Directions for this task: Gather every line below where "removed" appears.

Dataset entries:
==*==

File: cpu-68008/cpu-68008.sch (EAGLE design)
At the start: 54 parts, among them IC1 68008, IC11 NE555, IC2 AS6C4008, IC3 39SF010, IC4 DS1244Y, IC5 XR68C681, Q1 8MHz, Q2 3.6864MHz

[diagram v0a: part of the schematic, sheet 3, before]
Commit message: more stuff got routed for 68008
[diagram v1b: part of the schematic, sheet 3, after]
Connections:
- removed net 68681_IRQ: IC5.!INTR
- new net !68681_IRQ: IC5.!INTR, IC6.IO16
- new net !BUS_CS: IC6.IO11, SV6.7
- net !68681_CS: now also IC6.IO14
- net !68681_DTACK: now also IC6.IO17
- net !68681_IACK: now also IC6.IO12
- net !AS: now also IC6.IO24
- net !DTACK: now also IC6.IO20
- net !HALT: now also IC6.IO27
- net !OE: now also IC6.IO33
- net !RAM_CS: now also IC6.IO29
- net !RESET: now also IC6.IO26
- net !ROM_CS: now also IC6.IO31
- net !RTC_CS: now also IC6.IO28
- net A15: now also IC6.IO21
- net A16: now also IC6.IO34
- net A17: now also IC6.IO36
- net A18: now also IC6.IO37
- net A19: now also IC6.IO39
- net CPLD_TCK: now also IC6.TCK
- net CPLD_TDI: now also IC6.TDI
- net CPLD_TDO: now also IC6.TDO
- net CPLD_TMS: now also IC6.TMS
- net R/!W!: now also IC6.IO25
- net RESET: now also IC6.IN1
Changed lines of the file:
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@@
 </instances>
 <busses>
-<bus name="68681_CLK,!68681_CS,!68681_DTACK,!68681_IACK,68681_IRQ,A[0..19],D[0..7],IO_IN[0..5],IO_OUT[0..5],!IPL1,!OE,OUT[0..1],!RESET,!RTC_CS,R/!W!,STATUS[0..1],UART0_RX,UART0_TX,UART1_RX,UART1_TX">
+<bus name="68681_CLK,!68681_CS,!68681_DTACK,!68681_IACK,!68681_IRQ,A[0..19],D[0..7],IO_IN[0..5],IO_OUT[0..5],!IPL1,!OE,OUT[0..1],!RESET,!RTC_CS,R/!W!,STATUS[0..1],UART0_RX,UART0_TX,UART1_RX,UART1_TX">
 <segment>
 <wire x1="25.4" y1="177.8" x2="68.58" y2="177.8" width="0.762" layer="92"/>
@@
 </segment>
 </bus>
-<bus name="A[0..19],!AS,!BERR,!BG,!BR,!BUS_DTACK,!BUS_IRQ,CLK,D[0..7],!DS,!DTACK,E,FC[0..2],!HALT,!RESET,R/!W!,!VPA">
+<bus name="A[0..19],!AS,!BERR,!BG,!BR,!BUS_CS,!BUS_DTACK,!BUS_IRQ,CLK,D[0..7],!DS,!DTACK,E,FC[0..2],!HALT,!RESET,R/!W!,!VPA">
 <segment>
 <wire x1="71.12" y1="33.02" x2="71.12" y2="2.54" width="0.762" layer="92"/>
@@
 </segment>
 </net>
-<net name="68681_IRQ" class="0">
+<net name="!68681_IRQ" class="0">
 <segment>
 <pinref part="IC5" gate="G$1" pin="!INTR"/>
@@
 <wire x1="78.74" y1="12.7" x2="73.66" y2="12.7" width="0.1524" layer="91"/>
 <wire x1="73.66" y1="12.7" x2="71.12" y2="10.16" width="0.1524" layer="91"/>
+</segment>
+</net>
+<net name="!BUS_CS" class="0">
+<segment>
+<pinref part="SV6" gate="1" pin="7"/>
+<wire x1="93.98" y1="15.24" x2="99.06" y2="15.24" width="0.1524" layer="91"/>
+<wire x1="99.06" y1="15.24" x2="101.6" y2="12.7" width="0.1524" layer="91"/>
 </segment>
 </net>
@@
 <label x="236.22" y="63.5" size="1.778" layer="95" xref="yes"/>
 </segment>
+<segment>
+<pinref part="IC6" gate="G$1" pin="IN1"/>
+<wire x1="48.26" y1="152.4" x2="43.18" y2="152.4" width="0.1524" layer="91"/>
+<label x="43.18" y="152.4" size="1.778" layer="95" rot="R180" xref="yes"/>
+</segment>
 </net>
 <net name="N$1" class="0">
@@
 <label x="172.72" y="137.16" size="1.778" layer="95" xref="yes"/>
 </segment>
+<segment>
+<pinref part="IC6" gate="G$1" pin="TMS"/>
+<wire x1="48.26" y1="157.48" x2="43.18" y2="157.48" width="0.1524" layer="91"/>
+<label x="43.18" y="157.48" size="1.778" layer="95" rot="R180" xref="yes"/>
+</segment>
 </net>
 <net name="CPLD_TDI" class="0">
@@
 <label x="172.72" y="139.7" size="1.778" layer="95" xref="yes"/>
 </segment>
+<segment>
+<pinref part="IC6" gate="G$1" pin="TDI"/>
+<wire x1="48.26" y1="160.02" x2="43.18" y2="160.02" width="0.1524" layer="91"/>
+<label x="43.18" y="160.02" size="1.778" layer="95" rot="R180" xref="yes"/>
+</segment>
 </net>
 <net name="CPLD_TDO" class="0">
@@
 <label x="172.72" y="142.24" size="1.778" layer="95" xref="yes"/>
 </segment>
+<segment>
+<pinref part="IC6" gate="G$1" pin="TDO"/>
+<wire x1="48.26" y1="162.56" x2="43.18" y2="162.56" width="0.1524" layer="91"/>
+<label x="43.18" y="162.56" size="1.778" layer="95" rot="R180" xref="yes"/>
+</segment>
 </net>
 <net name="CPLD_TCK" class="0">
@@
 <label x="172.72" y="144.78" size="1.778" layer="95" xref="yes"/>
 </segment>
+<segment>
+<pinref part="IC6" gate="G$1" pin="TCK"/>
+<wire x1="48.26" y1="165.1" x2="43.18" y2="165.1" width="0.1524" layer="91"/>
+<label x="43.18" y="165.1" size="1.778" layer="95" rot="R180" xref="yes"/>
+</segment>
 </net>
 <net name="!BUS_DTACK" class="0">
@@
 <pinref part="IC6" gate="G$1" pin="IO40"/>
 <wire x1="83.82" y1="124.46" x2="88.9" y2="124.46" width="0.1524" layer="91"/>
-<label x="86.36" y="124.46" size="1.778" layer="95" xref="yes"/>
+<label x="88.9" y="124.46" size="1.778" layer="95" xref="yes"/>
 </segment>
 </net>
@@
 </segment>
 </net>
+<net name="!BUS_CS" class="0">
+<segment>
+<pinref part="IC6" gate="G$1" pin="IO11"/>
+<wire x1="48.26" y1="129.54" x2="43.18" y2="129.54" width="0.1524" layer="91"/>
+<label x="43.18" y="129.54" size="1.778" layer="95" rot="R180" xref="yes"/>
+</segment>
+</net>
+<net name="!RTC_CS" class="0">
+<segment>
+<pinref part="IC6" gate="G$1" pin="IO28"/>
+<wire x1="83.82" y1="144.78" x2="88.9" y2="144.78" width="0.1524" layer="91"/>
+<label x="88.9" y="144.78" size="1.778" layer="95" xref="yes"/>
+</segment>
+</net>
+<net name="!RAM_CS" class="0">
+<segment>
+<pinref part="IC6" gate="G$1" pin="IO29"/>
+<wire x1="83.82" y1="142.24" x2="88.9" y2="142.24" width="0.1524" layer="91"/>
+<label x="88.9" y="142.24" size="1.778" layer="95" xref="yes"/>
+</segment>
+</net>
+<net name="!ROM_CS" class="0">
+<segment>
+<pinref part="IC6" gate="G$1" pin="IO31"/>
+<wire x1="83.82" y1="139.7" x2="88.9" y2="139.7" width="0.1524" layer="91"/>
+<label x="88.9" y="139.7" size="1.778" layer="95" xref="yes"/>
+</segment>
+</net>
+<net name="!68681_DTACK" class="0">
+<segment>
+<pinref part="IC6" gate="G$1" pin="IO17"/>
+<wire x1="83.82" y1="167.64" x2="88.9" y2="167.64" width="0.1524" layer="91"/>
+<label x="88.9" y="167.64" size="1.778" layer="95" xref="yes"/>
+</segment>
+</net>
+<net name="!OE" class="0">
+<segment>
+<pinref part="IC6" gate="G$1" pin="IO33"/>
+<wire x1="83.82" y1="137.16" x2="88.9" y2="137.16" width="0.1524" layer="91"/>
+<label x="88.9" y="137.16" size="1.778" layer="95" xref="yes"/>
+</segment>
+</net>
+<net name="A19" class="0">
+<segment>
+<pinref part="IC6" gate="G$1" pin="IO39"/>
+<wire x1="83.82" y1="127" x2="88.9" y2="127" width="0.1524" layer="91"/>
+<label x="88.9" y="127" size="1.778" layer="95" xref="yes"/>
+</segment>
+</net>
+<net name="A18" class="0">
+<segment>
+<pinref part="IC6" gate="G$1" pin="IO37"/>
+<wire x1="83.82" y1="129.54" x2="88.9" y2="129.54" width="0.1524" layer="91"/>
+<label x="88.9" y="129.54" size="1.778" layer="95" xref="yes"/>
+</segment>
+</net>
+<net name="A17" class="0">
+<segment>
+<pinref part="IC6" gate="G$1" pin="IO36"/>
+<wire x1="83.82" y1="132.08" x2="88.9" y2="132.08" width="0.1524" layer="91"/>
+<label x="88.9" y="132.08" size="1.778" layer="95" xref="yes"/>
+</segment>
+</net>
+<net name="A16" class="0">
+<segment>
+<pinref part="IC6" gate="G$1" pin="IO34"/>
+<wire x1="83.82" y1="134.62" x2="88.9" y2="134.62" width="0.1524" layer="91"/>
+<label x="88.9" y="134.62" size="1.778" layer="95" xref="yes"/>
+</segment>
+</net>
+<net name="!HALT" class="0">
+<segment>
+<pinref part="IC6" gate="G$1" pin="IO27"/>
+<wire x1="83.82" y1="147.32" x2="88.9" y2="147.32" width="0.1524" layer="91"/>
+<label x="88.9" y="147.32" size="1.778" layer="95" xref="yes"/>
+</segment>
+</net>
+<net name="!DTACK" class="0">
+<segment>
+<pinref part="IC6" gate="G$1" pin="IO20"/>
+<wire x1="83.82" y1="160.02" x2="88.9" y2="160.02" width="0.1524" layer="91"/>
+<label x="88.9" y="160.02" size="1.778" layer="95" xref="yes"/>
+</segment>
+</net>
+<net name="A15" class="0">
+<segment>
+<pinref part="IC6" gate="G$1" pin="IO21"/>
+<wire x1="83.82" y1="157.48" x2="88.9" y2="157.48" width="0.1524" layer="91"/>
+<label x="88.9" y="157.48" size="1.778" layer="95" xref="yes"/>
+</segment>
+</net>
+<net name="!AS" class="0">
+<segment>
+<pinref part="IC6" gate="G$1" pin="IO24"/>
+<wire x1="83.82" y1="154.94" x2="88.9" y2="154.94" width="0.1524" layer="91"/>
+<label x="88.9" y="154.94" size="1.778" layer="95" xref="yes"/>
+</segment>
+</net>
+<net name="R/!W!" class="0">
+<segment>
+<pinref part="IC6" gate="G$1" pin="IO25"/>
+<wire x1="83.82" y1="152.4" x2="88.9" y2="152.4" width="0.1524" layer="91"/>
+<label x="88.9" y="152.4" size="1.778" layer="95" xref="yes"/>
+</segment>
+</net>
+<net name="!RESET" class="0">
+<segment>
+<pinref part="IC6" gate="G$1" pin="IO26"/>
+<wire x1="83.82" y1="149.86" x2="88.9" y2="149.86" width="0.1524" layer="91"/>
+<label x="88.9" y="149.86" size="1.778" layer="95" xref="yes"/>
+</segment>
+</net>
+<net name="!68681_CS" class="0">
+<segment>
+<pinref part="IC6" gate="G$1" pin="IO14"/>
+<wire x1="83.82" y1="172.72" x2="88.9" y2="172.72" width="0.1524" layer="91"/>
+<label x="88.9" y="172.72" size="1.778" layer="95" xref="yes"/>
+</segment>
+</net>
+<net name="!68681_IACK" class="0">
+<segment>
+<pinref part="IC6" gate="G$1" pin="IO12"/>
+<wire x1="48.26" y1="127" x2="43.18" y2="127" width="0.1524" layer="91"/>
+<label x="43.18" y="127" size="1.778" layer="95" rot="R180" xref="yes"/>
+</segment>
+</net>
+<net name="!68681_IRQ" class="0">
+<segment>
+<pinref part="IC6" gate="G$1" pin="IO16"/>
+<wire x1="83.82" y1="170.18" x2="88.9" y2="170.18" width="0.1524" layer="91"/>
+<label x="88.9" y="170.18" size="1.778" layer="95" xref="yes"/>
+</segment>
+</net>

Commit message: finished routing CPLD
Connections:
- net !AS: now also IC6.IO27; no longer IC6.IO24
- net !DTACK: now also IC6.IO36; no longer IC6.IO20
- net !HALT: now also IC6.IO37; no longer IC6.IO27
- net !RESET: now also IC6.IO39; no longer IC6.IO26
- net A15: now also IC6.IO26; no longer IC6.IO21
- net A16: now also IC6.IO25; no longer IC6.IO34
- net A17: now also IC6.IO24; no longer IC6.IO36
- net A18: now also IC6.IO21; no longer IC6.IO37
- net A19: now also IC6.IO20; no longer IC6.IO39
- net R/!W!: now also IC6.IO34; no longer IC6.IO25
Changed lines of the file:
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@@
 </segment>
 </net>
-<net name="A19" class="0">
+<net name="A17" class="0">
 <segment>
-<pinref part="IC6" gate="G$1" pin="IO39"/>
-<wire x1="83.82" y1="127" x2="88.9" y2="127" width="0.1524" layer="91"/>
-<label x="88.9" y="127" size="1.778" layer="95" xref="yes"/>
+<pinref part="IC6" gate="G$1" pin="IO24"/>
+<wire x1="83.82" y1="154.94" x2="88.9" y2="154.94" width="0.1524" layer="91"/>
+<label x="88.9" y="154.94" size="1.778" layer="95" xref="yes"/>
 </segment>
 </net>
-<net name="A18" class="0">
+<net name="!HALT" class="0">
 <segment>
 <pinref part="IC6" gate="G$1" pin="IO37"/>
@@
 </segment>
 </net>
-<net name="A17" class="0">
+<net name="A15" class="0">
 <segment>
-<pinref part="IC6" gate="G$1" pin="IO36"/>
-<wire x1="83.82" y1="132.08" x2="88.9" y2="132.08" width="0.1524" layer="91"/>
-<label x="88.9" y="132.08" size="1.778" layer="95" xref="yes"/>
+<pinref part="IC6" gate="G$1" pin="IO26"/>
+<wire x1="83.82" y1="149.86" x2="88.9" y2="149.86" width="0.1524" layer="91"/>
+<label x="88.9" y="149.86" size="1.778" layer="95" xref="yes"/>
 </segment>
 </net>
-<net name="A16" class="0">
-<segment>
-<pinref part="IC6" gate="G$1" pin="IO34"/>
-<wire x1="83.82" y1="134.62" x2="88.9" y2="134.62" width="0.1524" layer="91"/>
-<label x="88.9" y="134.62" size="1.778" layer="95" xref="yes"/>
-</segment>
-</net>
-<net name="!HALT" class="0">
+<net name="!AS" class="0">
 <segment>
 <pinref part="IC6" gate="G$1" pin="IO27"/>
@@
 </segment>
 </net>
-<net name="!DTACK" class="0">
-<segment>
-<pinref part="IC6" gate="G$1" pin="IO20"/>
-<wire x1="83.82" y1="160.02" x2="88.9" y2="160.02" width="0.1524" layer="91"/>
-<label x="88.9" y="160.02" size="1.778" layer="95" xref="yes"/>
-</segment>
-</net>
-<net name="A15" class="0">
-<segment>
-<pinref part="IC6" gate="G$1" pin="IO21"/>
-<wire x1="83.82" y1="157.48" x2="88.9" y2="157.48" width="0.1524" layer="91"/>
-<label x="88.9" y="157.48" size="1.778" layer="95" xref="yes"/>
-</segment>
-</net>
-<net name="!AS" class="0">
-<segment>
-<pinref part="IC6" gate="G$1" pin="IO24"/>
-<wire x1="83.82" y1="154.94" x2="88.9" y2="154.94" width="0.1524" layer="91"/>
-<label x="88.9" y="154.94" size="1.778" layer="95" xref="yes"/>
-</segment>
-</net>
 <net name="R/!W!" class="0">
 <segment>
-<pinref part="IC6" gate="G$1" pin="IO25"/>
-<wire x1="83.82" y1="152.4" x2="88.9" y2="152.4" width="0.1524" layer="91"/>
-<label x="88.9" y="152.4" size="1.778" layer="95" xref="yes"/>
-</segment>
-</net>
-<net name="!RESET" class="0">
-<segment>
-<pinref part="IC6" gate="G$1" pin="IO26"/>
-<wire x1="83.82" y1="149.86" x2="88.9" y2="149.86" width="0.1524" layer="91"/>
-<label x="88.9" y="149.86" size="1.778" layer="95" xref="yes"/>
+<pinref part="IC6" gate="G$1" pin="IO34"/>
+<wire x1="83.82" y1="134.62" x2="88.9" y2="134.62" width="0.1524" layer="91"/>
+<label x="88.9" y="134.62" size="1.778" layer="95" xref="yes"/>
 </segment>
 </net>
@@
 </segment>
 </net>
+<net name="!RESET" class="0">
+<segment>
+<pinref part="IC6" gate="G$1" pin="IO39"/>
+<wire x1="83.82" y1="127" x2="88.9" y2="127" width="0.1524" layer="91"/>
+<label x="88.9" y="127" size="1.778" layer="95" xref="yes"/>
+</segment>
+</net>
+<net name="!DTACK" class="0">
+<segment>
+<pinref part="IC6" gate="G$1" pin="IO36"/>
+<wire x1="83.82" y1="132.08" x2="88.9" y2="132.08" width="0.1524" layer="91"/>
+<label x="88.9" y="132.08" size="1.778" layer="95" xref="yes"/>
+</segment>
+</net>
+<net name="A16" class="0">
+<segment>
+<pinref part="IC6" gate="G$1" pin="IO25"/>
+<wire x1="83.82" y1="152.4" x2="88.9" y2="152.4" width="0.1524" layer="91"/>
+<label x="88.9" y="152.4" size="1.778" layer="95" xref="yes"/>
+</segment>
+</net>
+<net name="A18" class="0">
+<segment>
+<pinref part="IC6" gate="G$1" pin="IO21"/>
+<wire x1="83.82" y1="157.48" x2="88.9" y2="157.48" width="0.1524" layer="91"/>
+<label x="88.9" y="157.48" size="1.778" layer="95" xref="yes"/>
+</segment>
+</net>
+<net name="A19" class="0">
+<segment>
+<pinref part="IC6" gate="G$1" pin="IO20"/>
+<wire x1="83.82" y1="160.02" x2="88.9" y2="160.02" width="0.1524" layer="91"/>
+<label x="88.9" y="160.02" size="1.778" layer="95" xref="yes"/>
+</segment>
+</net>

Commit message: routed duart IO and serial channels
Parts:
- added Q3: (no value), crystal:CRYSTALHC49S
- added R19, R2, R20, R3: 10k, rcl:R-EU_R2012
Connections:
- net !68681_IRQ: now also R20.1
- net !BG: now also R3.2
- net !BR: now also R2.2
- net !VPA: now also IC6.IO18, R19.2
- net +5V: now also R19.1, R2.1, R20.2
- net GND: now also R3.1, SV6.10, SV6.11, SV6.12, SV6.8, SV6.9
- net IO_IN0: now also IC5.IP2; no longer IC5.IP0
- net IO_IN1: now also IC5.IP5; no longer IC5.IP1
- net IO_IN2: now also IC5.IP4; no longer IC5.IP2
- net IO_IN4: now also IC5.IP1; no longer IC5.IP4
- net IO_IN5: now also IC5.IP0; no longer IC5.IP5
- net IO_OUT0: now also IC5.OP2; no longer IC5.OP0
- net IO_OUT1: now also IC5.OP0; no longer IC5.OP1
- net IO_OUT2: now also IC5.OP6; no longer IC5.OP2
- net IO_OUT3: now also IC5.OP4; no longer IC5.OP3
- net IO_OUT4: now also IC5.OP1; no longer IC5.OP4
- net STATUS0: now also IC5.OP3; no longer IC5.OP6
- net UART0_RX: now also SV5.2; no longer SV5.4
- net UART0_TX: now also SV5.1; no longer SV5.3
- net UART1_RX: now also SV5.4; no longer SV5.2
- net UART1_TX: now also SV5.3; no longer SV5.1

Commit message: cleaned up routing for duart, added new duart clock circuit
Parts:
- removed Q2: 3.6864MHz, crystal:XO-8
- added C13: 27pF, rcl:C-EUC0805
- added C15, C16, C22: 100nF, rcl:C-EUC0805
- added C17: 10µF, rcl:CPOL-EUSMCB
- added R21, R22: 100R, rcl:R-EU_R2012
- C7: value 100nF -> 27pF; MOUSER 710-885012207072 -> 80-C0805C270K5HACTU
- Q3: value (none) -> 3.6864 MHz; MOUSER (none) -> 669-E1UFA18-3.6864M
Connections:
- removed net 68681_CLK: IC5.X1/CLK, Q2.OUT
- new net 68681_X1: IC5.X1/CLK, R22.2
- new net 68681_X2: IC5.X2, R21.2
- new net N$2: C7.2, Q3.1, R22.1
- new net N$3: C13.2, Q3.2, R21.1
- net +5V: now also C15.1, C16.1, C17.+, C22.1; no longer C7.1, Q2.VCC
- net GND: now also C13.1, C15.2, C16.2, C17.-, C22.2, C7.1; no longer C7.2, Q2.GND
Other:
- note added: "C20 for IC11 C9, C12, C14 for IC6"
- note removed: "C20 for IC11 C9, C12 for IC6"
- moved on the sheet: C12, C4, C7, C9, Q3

==*==

Solution below:
- removed net 68681_IRQ: IC5.!INTR
- removed Q2: 3.6864MHz, crystal:XO-8
- removed net 68681_CLK: IC5.X1/CLK, Q2.OUT
- note removed: "C20 for IC11 C9, C12 for IC6"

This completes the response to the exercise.